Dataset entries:
■ ■ ■
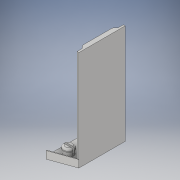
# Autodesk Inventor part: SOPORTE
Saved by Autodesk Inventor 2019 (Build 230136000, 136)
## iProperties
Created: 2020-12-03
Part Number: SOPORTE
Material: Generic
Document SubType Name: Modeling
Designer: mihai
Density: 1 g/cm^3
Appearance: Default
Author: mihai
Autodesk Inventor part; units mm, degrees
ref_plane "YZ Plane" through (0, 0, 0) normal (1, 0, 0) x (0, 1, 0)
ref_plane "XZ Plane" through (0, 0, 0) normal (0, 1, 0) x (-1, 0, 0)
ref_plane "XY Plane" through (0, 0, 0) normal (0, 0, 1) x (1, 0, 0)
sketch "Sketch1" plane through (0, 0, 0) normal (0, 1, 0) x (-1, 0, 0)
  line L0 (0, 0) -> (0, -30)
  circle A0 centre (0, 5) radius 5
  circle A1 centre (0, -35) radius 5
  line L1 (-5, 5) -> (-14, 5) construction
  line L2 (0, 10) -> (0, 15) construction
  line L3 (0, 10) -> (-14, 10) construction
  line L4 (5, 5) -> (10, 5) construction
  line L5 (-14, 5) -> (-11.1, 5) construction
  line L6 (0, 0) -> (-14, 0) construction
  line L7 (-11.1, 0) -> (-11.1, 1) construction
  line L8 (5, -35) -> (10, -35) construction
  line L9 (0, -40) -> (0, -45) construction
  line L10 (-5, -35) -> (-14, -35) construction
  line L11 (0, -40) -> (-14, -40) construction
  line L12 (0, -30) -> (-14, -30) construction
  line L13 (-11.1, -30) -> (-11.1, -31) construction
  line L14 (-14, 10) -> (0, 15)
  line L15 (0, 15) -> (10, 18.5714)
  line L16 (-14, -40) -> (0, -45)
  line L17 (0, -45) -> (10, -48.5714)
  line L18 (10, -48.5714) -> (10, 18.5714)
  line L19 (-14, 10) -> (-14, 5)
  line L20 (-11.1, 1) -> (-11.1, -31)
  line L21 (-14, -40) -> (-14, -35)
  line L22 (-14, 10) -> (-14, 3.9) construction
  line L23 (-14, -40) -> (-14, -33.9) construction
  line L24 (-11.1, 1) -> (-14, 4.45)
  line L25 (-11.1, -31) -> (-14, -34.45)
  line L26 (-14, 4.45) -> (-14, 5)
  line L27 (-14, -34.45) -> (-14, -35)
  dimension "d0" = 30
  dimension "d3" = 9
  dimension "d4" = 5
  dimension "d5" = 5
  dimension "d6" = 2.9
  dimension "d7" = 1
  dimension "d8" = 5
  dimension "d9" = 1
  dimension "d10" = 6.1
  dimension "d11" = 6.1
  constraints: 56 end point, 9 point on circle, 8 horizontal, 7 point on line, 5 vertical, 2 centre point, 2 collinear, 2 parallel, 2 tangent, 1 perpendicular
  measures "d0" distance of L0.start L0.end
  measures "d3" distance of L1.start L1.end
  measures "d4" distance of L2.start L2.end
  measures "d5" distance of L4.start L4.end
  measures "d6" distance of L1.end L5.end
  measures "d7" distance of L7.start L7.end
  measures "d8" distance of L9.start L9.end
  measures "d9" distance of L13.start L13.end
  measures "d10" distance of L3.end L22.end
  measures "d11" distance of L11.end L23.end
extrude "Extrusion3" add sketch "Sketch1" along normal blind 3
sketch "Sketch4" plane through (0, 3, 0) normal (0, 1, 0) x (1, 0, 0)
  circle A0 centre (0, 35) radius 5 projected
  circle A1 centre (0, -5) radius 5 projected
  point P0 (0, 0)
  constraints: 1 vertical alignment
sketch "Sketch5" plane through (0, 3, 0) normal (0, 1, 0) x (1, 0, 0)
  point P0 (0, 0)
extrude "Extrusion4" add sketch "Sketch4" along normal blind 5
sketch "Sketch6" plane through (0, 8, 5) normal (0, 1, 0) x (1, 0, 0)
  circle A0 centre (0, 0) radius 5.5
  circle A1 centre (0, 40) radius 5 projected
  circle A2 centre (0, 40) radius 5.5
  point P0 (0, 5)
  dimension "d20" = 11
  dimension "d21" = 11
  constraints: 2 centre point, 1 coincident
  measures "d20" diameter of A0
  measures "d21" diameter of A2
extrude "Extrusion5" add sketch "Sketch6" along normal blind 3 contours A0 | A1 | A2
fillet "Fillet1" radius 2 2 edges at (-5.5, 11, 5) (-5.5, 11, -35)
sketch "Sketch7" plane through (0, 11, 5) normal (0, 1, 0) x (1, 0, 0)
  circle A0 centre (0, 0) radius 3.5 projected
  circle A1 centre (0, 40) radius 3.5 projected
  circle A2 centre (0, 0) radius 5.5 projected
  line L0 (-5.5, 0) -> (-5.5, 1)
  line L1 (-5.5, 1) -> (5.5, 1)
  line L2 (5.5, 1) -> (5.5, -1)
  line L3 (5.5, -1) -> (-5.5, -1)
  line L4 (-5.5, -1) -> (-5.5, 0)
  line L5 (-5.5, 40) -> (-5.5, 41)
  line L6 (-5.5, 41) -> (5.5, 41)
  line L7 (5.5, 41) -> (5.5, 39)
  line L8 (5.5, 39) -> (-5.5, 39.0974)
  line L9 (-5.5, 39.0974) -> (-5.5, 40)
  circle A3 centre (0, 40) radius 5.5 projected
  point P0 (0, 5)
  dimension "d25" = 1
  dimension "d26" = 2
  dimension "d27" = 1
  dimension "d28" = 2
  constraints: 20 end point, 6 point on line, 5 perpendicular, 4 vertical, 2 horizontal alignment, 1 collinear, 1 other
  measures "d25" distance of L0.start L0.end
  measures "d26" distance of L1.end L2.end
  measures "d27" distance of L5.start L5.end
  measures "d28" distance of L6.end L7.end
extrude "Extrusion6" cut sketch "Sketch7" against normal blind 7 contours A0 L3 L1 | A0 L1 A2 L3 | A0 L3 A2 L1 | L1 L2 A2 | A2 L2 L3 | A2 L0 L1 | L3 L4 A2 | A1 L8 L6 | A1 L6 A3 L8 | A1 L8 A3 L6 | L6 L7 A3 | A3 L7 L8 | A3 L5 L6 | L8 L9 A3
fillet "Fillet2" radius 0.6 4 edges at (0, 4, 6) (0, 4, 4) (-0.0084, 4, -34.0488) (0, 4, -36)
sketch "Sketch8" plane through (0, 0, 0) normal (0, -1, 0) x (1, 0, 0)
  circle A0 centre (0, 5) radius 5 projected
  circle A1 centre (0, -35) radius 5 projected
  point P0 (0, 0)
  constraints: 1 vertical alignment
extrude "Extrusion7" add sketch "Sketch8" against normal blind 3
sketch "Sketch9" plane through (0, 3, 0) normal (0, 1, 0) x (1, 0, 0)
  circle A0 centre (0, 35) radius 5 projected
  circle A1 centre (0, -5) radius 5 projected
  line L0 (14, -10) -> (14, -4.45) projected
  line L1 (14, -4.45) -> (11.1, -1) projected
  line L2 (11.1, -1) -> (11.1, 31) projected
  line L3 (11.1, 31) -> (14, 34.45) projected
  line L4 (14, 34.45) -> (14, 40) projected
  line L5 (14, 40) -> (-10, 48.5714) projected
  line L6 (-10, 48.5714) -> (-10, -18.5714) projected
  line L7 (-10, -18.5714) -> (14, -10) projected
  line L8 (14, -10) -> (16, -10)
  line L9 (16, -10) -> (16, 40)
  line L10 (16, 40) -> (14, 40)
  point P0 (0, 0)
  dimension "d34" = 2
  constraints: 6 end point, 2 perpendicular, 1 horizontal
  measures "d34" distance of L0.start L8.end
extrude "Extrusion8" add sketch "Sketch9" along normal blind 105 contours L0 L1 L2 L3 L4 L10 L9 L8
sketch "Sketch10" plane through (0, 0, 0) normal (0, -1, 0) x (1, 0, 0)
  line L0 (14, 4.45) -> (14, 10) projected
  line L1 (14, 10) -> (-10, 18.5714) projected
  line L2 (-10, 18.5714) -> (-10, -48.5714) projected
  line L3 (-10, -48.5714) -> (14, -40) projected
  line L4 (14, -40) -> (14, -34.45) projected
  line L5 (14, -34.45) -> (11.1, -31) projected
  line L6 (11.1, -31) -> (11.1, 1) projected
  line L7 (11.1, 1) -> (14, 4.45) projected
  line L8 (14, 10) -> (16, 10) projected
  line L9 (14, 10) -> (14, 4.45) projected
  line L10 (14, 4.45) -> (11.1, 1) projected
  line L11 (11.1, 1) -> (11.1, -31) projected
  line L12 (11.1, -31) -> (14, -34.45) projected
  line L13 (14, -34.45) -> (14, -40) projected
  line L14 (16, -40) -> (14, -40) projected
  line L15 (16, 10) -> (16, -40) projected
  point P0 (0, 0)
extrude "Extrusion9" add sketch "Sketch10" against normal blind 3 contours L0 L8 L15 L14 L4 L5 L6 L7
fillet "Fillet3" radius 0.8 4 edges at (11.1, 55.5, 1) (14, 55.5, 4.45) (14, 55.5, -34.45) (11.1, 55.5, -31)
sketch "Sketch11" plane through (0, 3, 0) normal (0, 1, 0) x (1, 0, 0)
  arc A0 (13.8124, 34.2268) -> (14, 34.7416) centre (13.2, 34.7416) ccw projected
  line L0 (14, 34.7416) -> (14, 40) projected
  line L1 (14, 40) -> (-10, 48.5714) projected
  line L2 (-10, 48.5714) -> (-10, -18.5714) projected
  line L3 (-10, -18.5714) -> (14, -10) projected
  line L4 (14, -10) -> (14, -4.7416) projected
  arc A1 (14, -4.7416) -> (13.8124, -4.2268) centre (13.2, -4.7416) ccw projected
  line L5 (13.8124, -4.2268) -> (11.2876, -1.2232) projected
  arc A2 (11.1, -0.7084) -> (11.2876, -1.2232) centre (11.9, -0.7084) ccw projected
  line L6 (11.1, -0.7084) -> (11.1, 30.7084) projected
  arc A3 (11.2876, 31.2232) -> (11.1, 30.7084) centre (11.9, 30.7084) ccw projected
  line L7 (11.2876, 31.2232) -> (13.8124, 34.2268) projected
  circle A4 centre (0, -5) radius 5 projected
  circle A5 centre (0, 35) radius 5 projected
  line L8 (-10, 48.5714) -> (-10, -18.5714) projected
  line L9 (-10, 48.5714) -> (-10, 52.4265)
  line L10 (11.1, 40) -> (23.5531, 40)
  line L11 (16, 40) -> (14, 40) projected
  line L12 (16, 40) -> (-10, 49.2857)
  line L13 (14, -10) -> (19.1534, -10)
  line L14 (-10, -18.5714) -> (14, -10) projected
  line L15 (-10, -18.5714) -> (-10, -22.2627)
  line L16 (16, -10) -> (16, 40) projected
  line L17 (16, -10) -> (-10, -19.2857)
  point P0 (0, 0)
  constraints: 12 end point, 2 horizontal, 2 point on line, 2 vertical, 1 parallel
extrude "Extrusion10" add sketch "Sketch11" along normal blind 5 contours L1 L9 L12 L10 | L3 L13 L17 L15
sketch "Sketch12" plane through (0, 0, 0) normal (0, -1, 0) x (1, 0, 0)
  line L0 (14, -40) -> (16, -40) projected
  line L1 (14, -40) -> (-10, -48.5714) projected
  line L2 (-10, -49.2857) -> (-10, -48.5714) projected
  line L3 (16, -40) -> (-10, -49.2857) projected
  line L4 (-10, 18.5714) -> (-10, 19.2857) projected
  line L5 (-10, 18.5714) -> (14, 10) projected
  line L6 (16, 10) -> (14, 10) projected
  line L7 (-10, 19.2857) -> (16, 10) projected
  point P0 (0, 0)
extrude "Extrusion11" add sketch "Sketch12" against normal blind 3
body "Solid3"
■ ■ ■
> [To do]
Each line of the entries where the string "fillet" occurs should be shown.

> [Problem solution]
fillet "Fillet1" radius 2 2 edges at (-5.5, 11, 5) (-5.5, 11, -35)
fillet "Fillet2" radius 0.6 4 edges at (0, 4, 6) (0, 4, 4) (-0.0084, 4, -34.0488) (0, 4, -36)
fillet "Fillet3" radius 0.8 4 edges at (11.1, 55.5, 1) (14, 55.5, 4.45) (14, 55.5, -34.45) (11.1, 55.5, -31)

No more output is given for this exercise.